• _How to complete this task_
Reproduce nothing but the lines from the start of the material through the line that includes "for name, color, linetype", both ends included, and omit every picture.

• _Data for analysis_

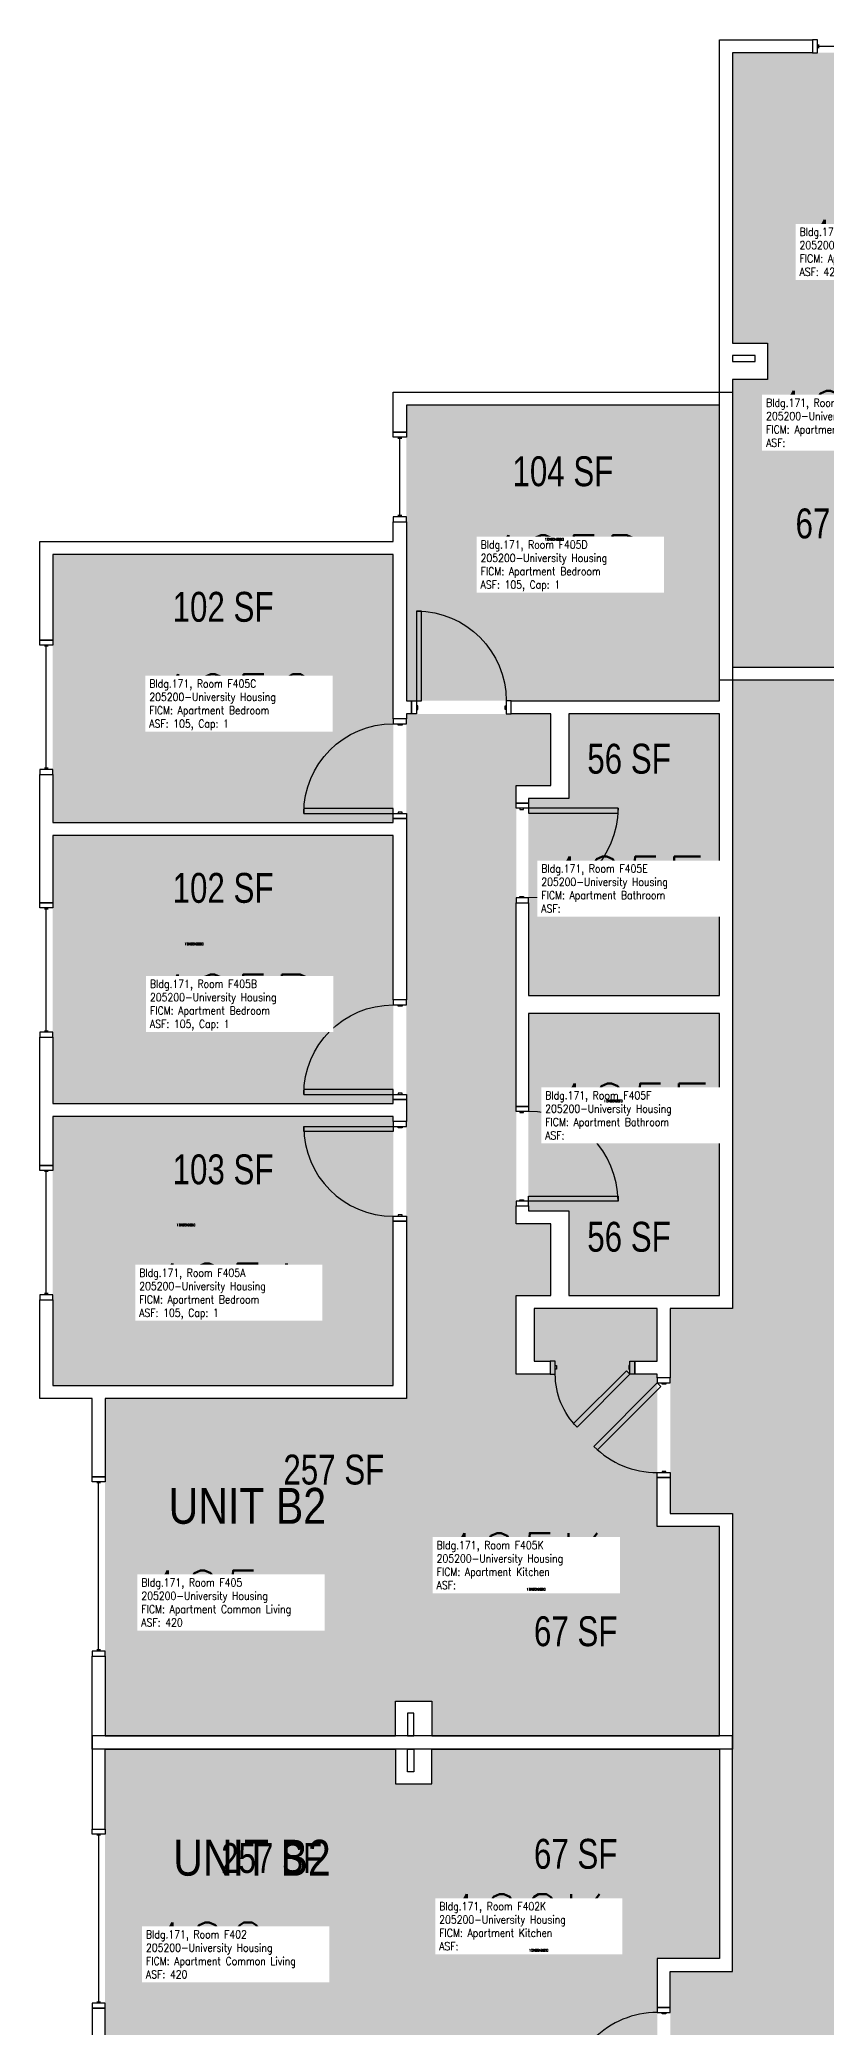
# Model space of a CAD drawing. Header units: inches. Extents: x -93 to 1643, y -75 to 1661.
# Drawn here: x -93 to 223, y 842 to 1640 of the extents above; entities that cross this region are included whole.
import ezdxf
from ezdxf.enums import TextEntityAlignment as Align

# ---------------------------------------------------------------- set-up
doc = ezdxf.new("R2010")
doc.units = ezdxf.units.IN
doc.header["$LTSCALE"] = 96
doc.header["$MEASUREMENT"] = 0
for name, color, linetype in [('A-AREA-IDEN', 1, 'Continuous'), ('A-DOOR', 2, 'Continuous'), ('A-GLAZ', 1, 'Continuous'), ('A-IDEN-RNUM', 7, 'Continuous'), ('A-IDEN-SNUM', 4, 'Continuous'), ('A-IDEN-VNUM', 4, 'Continuous'), ('A-WALL', 5, 'Continuous'), ('AREA-TEXT', 3, 'Continuous'), ('Rooms-Category-Color', 7, 'Continuous'), ('Rooms-College-Color', 7, 'Continuous'), ('Rooms-Department-Color', 7, 'Continuous'), ('Rooms-Division-Color', 7, 'Continuous'), ('Rooms-Information', 7, 'Continuous')]:
    doc.layers.add(name, color=color, linetype=linetype)
doc.styles.add('AREA', font='arial.ttf', dxfattribs={"width": 0.75, "height": 12})
doc.styles.add('ROOMSNUMBER', font='txt.shx', dxfattribs={"height": 0.03})
doc.styles.add('ROOMVNUMBER', font='simplex.shx', dxfattribs={"width": 0.85})
doc.styles.get("Standard").update_dxf_attribs({"font": 'ARIALN.TTF'})

msp = doc.modelspace()

# ---------------------------------------------------------------- hatches: boundary and pattern name
h = msp.add_hatch()
h.set_pattern_fill('ANSI31', color=256, style=0)
h.set_pattern_definition([(225, (-465.96835, 1557.48048), (-0.088388348, 0.088388348), [])])
h.paths.add_polyline_path([(117.98, 1226.01), (117.98, 1167.28), (127.19, 1167.28), (127.19, 1226.01)], flags=9)
at = {"layer": 'Rooms-Category-Color', "true_color": 0x728ef3}
for points in [[(185.12, 1634.5), (320.63, 1634.5), (320.63, 1513.5), (595.63, 1513.5), (595.63, 1455.5), (566.87, 1455.5), (566.87, 1469.37), (390.84, 1469.37), (390.84, 1455.5), (362.09, 1455.5), (362.09, 1469.37), (330.39, 1469.37), (330.39, 1455.75), (335.64, 1455.75), (335.64, 1462.12), (356.84, 1462.12), (356.84, 1412.75), (335.64, 1412.75), (335.64, 1421.75), (330.39, 1421.75), (330.39, 1412.75), (269.27, 1412.75), (269.27, 1503.25), (199.13, 1503.25), (199.13, 1517.87), (185.12, 1517.87)], [(185.12, 1503.25), (185.12, 1387.75), (269.27, 1387.75), (269.27, 1503.25)], [(179.88, 1492.99), (54.13, 1493), (54.13, 1374.25), (179.88, 1374.25)], [(-87.87, 1325.37), (-87.87, 1433), (48.88, 1433), (48.86, 1325.36), (-87.43, 1325.36)], [(-66.87, 958.5), (-66.87, 1094), (54.13, 1094), (54.13, 1369), (112.13, 1369), (112.13, 1340.25), (98.25, 1340.25), (98.25, 1164.22), (112.13, 1164.22), (112.13, 1135.47), (98.25, 1135.47), (98.25, 1103.77), (111.88, 1103.77), (111.88, 1109.02), (105.5, 1109.02), (105.5, 1130.22), (154.88, 1130.22), (154.88, 1109.02), (145.88, 1109.02), (145.88, 1103.77), (154.88, 1103.77), (154.88, 1042.64), (64.38, 1042.64), (64.38, 972.5), (49.75, 972.5), (49.75, 958.5)], [(103.13, 1334.99), (103.13, 1255.86), (179.88, 1255.86), (179.88, 1368.99), (119.38, 1369), (119.38, 1335)], [(-87.87, 1320.12), (-87.87, 1212.5), (48.86, 1212.49), (48.88, 1320.12), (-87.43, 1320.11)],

• _Task response_
# Model space of a CAD drawing. Header units: inches. Extents: x -93 to 1643, y -75 to 1661.
# Drawn here: x -93 to 223, y 842 to 1640 of the extents above; entities that cross this region are included whole.
import ezdxf
from ezdxf.enums import TextEntityAlignment as Align

# ---------------------------------------------------------------- set-up
doc = ezdxf.new("R2010")
doc.units = ezdxf.units.IN
doc.header["$LTSCALE"] = 96
doc.header["$MEASUREMENT"] = 0
for name, color, linetype in [('A-AREA-IDEN', 1, 'Continuous'), ('A-DOOR', 2, 'Continuous'), ('A-GLAZ', 1, 'Continuous'), ('A-IDEN-RNUM', 7, 'Continuous'), ('A-IDEN-SNUM', 4, 'Continuous'), ('A-IDEN-VNUM', 4, 'Continuous'), ('A-WALL', 5, 'Continuous'), ('AREA-TEXT', 3, 'Continuous'), ('Rooms-Category-Color', 7, 'Continuous'), ('Rooms-College-Color', 7, 'Continuous'), ('Rooms-Department-Color', 7, 'Continuous'), ('Rooms-Division-Color', 7, 'Continuous'), ('Rooms-Information', 7, 'Continuous')]:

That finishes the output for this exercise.